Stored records
* * * * * * *

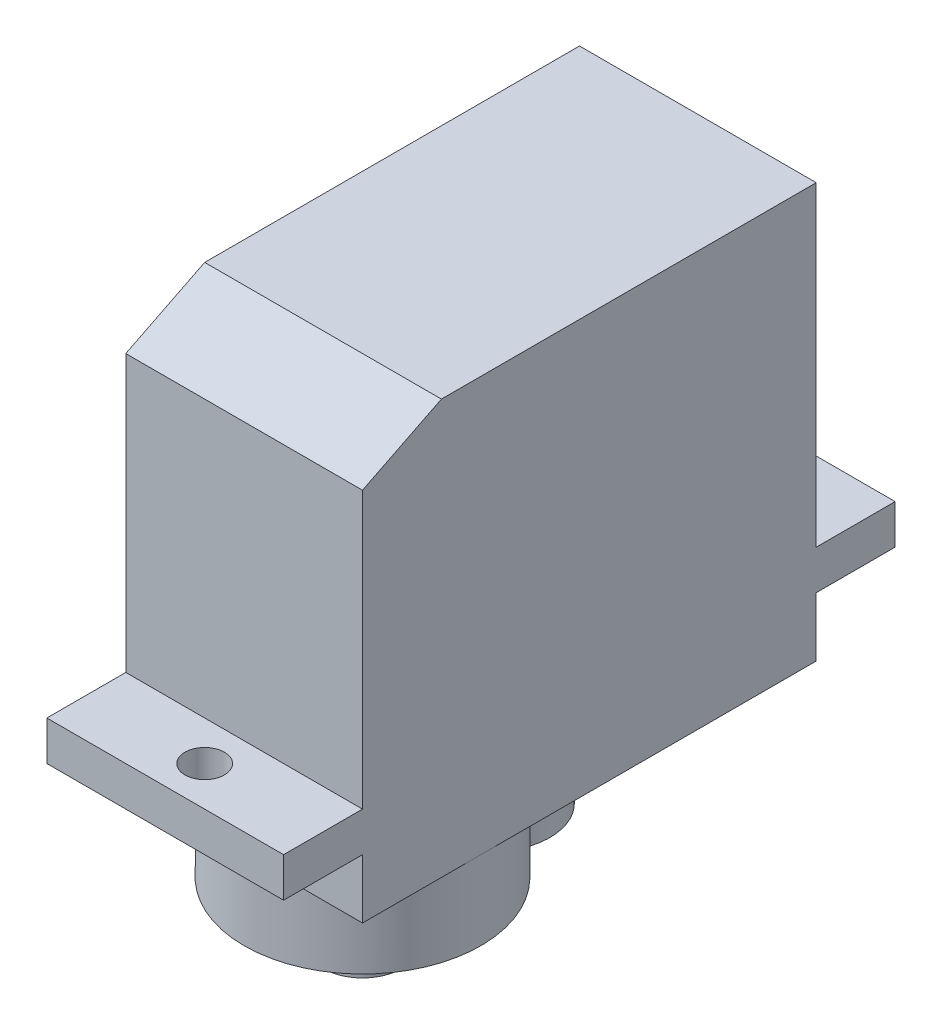
SolidWorks part; units mm, degrees
ref_plane "前视基准面" through (0, 0, 0) normal (0, 0, 1) x (1, 0, 0)
ref_plane "上视基准面" through (0, 0, 0) normal (0, 1, 0) x (1, 0, 0)
ref_plane "右视基准面" through (0, 0, 0) normal (1, 0, 0) x (0, 0, -1)
other "Configuration Table"
sketch "草图1" plane through (0, 0, 0) normal (0, 1, 0) x (1, 0, 0)
  line L1 (-6, 11.5) -> (6, 11.5)
  line L2 (-6, 11.5) -> (-6, -11.5)
  line L3 (-6, -11.5) -> (6, -11.5)
  line L4 (6, 11.5) -> (6, -11.5)
  line L5 (-6, 11.5) -> (6, -11.5) construction
  line L6 (-6, -11.5) -> (6, 11.5) construction
  point P0 (0, 0)
  dimension "D1" = 23
  dimension "D2" = 12
extrude "凸台-拉伸1" add sketch "草图1" along normal blind 21
ref_plane "基准面1" through (0, 5, 0) normal (0, -1, 0) x (-1, 0, 0)
sketch "草图2" plane through (0, 5, 0) normal (0, -1, 0) x (-1, 0, 0)
  line L0 (0, 13.35) -> (0, -14.1194) construction
  line L1 (-8.703, 0) -> (8.7957, 0) construction
  line L2 (-6, 11.5) -> (6, 11.5)
  line L3 (-6, 11.5) -> (-6, 15.5)
  line L4 (-6, 11.5) -> (-6, -11.5)
  line L5 (-6, -11.5) -> (6, -11.5)
  line L6 (6, -11.5) -> (6, 11.5)
  line L7 (6, 11.5) -> (-6, 11.5)
  line L8 (-6, 11.5) -> (-6, -11.5)
  line L9 (-6, -11.5) -> (6, -11.5)
  line L10 (6, -11.5) -> (6, 11.5)
  line L11 (6, 11.5) -> (-6, 11.5)
  line L12 (-6, 15.5) -> (6, 15.5)
  line L13 (6, 11.5) -> (6, 15.5)
  line L15 (-6, -11.5) -> (6, -11.5)
  line L16 (-6, -11.5) -> (-6, -15.5)
  line L17 (-6, -15.5) -> (6, -15.5)
  line L18 (6, -11.5) -> (6, -15.5)
  dimension "D2" = 12
  dimension "D3" = 4
  dimension "D4" = 6
  dimension "D5" = 4
  dimension "D1" = 0
extrude "凸台-拉伸2" add sketch "草图2" along normal blind 2 contours L18 L9 L16 L17 | L2 L13 L12 L3
sketch "草图3" plane through (0, 5, 0) normal (0, 1, 0) x (1, 0, 0)
  line L0 (0, -18.0752) -> (0, -9.3867) construction
  line L4 (-6, -11.5) -> (-6, -15.5)
  line L5 (-6, -15.5) -> (6, -15.5)
  line L6 (6, -15.5) -> (6, -11.5)
  line L7 (6, -11.5) -> (-6, -11.5)
  line L8 (-6, -11.5) -> (-6, -15.5)
  line L9 (-6, -15.5) -> (6, -15.5)
  line L10 (6, -15.5) -> (6, -11.5)
  line L11 (6, -11.5) -> (-6, -11.5)
  circle A0 centre (0, -13.5) radius 1
  dimension "D2" = 2
  dimension "D3" = 2
  dimension "D1" = 0
extrude "切除-拉伸2" cut sketch "草图3" against normal blind 2 contours A0
sketch "草图4" plane through (0, 5, 0) normal (0, 1, 0) x (1, 0, 0)
  line L0 (0, 17.7482) -> (0, 9.1792) construction
  line L4 (-6, 11.5) -> (6, 11.5)
  line L5 (6, 11.5) -> (6, 15.5)
  line L6 (6, 15.5) -> (-6, 15.5)
  line L7 (-6, 15.5) -> (-6, 11.5)
  line L8 (-6, 11.5) -> (6, 11.5)
  line L9 (6, 11.5) -> (6, 15.5)
  line L10 (6, 15.5) -> (-6, 15.5)
  line L11 (-6, 15.5) -> (-6, 11.5)
  circle A0 centre (0, 13.5) radius 1
  dimension "D2" = 2
  dimension "D3" = 2
  dimension "D1" = 0
extrude "切除-拉伸3" cut sketch "草图4" against normal blind 2 contours A0
sketch "草图5" plane through (0, 0, 0) normal (0, -1, 0) x (1, 0, 0)
  line L0 (0, 16.6208) -> (0, -17.5789) construction
  line L4 (6, -11.5) -> (6, 11.5)
  line L5 (6, 11.5) -> (-6, 11.5)
  line L6 (-6, 11.5) -> (-6, -11.5)
  line L7 (-6, -11.5) -> (6, -11.5)
  line L8 (6, -11.5) -> (6, 11.5)
  line L9 (6, 11.5) -> (-6, 11.5)
  line L10 (-6, 11.5) -> (-6, -11.5)
  line L11 (-6, -11.5) -> (6, -11.5)
  circle A0 centre (0, 5.5) radius 6
  circle A1 centre (0, -1) radius 3
  dimension "D2" = 12
  dimension "D3" = 6
  dimension "D4" = 6.5
  dimension "D1" = 0
extrude "凸台-拉伸3" add sketch "草图5" along normal blind 4 contours A0 L0 A1 | L0 A0 A1 | L0 A1 A0
sketch "草图6" plane through (0, -4, 0) normal (0, -1, 0) x (1, 0, 0)
  circle A0 centre (0, 5.5) radius 2
  arc A2 (2.7611, 0.1731) -> (-2.7611, 0.1731) centre (0, 5.5) ccw
  arc A3 (-2.7611, 0.1731) -> (2.7611, 0.1731) centre (0, -1) ccw
  arc A4 (2.7611, 0.1731) -> (-2.7611, 0.1731) centre (0, 5.5) ccw
  arc A5 (-2.7611, 0.1731) -> (2.7611, 0.1731) centre (0, -1) ccw
  dimension "D2" = 4
  dimension "D1" = 0
extrude "凸台-拉伸4" add sketch "草图6" along normal blind 3 contours A0
sketch "草图7" plane through (6, 0, 0) normal (1, 0, 0) x (0, 0, -1)
  line L0 (-11.5, 19) -> (-7.5, 21)
  line L1 (-11.5, 19) -> (-11.5, 21)
  line L2 (-11.5, 21) -> (-7.5, 21)
  line L13 (-11.5, 0) -> (-5.5, 0)
  line L14 (-5.5, 0) -> (11.5, 0)
  line L15 (11.5, 0) -> (11.5, 3)
  line L16 (11.5, 3) -> (15.5, 3)
  line L17 (15.5, 3) -> (15.5, 5)
  line L18 (15.5, 5) -> (11.5, 5)
  line L19 (11.5, 5) -> (11.5, 21)
  line L20 (11.5, 21) -> (-11.5, 21)
  line L21 (-11.5, 21) -> (-11.5, 5)
  line L22 (-11.5, 5) -> (-15.5, 5)
  line L23 (-15.5, 5) -> (-15.5, 3)
  line L24 (-15.5, 3) -> (-11.5, 3)
  line L25 (-11.5, 3) -> (-11.5, 0)
  line L26 (-11.5, 0) -> (-5.5, 0)
  line L27 (-5.5, 0) -> (11.5, 0)
  line L28 (11.5, 0) -> (11.5, 3)
  line L29 (11.5, 3) -> (15.5, 3)
  line L30 (15.5, 3) -> (15.5, 5)
  line L31 (15.5, 5) -> (11.5, 5)
  line L32 (11.5, 5) -> (11.5, 21)
  line L33 (11.5, 21) -> (-11.5, 21)
  line L34 (-11.5, 21) -> (-11.5, 5)
  line L35 (-11.5, 5) -> (-15.5, 5)
  line L36 (-15.5, 5) -> (-15.5, 3)
  line L37 (-15.5, 3) -> (-11.5, 3)
  line L38 (-11.5, 3) -> (-11.5, 0)
  line M24 (11.5, 21) -> (-11.5, 21)
  line M25 (-11.5, 21) -> (-11.5, 5)
  dimension "D2" = 2
  dimension "D3" = 4
  dimension "D1" = 0
extrude "切除-拉伸4" cut sketch "草图7" against normal through all contours L0 M25 M24
ref_plane "基准面17" through (0, -7, 0) normal (0, -1, 0) x (-1, 0, 0)

* * * * * * *

**YOUR GOAL**:
Apart from the pictures, all of the data must be duplicated exactly as shown above.

**SOLUTION FOR THIS EXERCISE**:
SolidWorks part; units mm, degrees
ref_plane "前视基准面" through (0, 0, 0) normal (0, 0, 1) x (1, 0, 0)
ref_plane "上视基准面" through (0, 0, 0) normal (0, 1, 0) x (1, 0, 0)
ref_plane "右视基准面" through (0, 0, 0) normal (1, 0, 0) x (0, 0, -1)
other "Configuration Table"
sketch "草图1" plane through (0, 0, 0) normal (0, 1, 0) x (1, 0, 0)
  line L1 (-6, 11.5) -> (6, 11.5)
  line L2 (-6, 11.5) -> (-6, -11.5)
  line L3 (-6, -11.5) -> (6, -11.5)
  line L4 (6, 11.5) -> (6, -11.5)
  line L5 (-6, 11.5) -> (6, -11.5) construction
  line L6 (-6, -11.5) -> (6, 11.5) construction
  point P0 (0, 0)
  dimension "D1" = 23
  dimension "D2" = 12
extrude "凸台-拉伸1" add sketch "草图1" along normal blind 21
ref_plane "基准面1" through (0, 5, 0) normal (0, -1, 0) x (-1, 0, 0)
sketch "草图2" plane through (0, 5, 0) normal (0, -1, 0) x (-1, 0, 0)
  line L0 (0, 13.35) -> (0, -14.1194) construction
  line L1 (-8.703, 0) -> (8.7957, 0) construction
  line L2 (-6, 11.5) -> (6, 11.5)
  line L3 (-6, 11.5) -> (-6, 15.5)
  line L4 (-6, 11.5) -> (-6, -11.5)
  line L5 (-6, -11.5) -> (6, -11.5)
  line L6 (6, -11.5) -> (6, 11.5)
  line L7 (6, 11.5) -> (-6, 11.5)
  line L8 (-6, 11.5) -> (-6, -11.5)
  line L9 (-6, -11.5) -> (6, -11.5)
  line L10 (6, -11.5) -> (6, 11.5)
  line L11 (6, 11.5) -> (-6, 11.5)
  line L12 (-6, 15.5) -> (6, 15.5)
  line L13 (6, 11.5) -> (6, 15.5)
  line L15 (-6, -11.5) -> (6, -11.5)
  line L16 (-6, -11.5) -> (-6, -15.5)
  line L17 (-6, -15.5) -> (6, -15.5)
  line L18 (6, -11.5) -> (6, -15.5)
  dimension "D2" = 12
  dimension "D3" = 4
  dimension "D4" = 6
  dimension "D5" = 4
  dimension "D1" = 0
extrude "凸台-拉伸2" add sketch "草图2" along normal blind 2 contours L18 L9 L16 L17 | L2 L13 L12 L3
sketch "草图3" plane through (0, 5, 0) normal (0, 1, 0) x (1, 0, 0)
  line L0 (0, -18.0752) -> (0, -9.3867) construction
  line L4 (-6, -11.5) -> (-6, -15.5)
  line L5 (-6, -15.5) -> (6, -15.5)
  line L6 (6, -15.5) -> (6, -11.5)
  line L7 (6, -11.5) -> (-6, -11.5)
  line L8 (-6, -11.5) -> (-6, -15.5)
  line L9 (-6, -15.5) -> (6, -15.5)
  line L10 (6, -15.5) -> (6, -11.5)
  line L11 (6, -11.5) -> (-6, -11.5)
  circle A0 centre (0, -13.5) radius 1
  dimension "D2" = 2
  dimension "D3" = 2
  dimension "D1" = 0
extrude "切除-拉伸2" cut sketch "草图3" against normal blind 2 contours A0
sketch "草图4" plane through (0, 5, 0) normal (0, 1, 0) x (1, 0, 0)
  line L0 (0, 17.7482) -> (0, 9.1792) construction
  line L4 (-6, 11.5) -> (6, 11.5)
  line L5 (6, 11.5) -> (6, 15.5)
  line L6 (6, 15.5) -> (-6, 15.5)
  line L7 (-6, 15.5) -> (-6, 11.5)
  line L8 (-6, 11.5) -> (6, 11.5)
  line L9 (6, 11.5) -> (6, 15.5)
  line L10 (6, 15.5) -> (-6, 15.5)
  line L11 (-6, 15.5) -> (-6, 11.5)
  circle A0 centre (0, 13.5) radius 1
  dimension "D2" = 2
  dimension "D3" = 2
  dimension "D1" = 0
extrude "切除-拉伸3" cut sketch "草图4" against normal blind 2 contours A0
sketch "草图5" plane through (0, 0, 0) normal (0, -1, 0) x (1, 0, 0)
  line L0 (0, 16.6208) -> (0, -17.5789) construction
  line L4 (6, -11.5) -> (6, 11.5)
  line L5 (6, 11.5) -> (-6, 11.5)
  line L6 (-6, 11.5) -> (-6, -11.5)
  line L7 (-6, -11.5) -> (6, -11.5)
  line L8 (6, -11.5) -> (6, 11.5)
  line L9 (6, 11.5) -> (-6, 11.5)
  line L10 (-6, 11.5) -> (-6, -11.5)
  line L11 (-6, -11.5) -> (6, -11.5)
  circle A0 centre (0, 5.5) radius 6
  circle A1 centre (0, -1) radius 3
  dimension "D2" = 12
  dimension "D3" = 6
  dimension "D4" = 6.5
  dimension "D1" = 0
extrude "凸台-拉伸3" add sketch "草图5" along normal blind 4 contours A0 L0 A1 | L0 A0 A1 | L0 A1 A0
sketch "草图6" plane through (0, -4, 0) normal (0, -1, 0) x (1, 0, 0)
  circle A0 centre (0, 5.5) radius 2
  arc A2 (2.7611, 0.1731) -> (-2.7611, 0.1731) centre (0, 5.5) ccw
  arc A3 (-2.7611, 0.1731) -> (2.7611, 0.1731) centre (0, -1) ccw
  arc A4 (2.7611, 0.1731) -> (-2.7611, 0.1731) centre (0, 5.5) ccw
  arc A5 (-2.7611, 0.1731) -> (2.7611, 0.1731) centre (0, -1) ccw
  dimension "D2" = 4
  dimension "D1" = 0
extrude "凸台-拉伸4" add sketch "草图6" along normal blind 3 contours A0
sketch "草图7" plane through (6, 0, 0) normal (1, 0, 0) x (0, 0, -1)
  line L0 (-11.5, 19) -> (-7.5, 21)
  line L1 (-11.5, 19) -> (-11.5, 21)
  line L2 (-11.5, 21) -> (-7.5, 21)
  line L13 (-11.5, 0) -> (-5.5, 0)
  line L14 (-5.5, 0) -> (11.5, 0)
  line L15 (11.5, 0) -> (11.5, 3)
  line L16 (11.5, 3) -> (15.5, 3)
  line L17 (15.5, 3) -> (15.5, 5)
  line L18 (15.5, 5) -> (11.5, 5)
  line L19 (11.5, 5) -> (11.5, 21)
  line L20 (11.5, 21) -> (-11.5, 21)
  line L21 (-11.5, 21) -> (-11.5, 5)
  line L22 (-11.5, 5) -> (-15.5, 5)
  line L23 (-15.5, 5) -> (-15.5, 3)
  line L24 (-15.5, 3) -> (-11.5, 3)
  line L25 (-11.5, 3) -> (-11.5, 0)
  line L26 (-11.5, 0) -> (-5.5, 0)
  line L27 (-5.5, 0) -> (11.5, 0)
  line L28 (11.5, 0) -> (11.5, 3)
  line L29 (11.5, 3) -> (15.5, 3)
  line L30 (15.5, 3) -> (15.5, 5)
  line L31 (15.5, 5) -> (11.5, 5)
  line L32 (11.5, 5) -> (11.5, 21)
  line L33 (11.5, 21) -> (-11.5, 21)
  line L34 (-11.5, 21) -> (-11.5, 5)
  line L35 (-11.5, 5) -> (-15.5, 5)
  line L36 (-15.5, 5) -> (-15.5, 3)
  line L37 (-15.5, 3) -> (-11.5, 3)
  line L38 (-11.5, 3) -> (-11.5, 0)
  line M24 (11.5, 21) -> (-11.5, 21)
  line M25 (-11.5, 21) -> (-11.5, 5)
  dimension "D2" = 2
  dimension "D3" = 4
  dimension "D1" = 0
extrude "切除-拉伸4" cut sketch "草图7" against normal through all contours L0 M25 M24
ref_plane "基准面17" through (0, -7, 0) normal (0, -1, 0) x (-1, 0, 0)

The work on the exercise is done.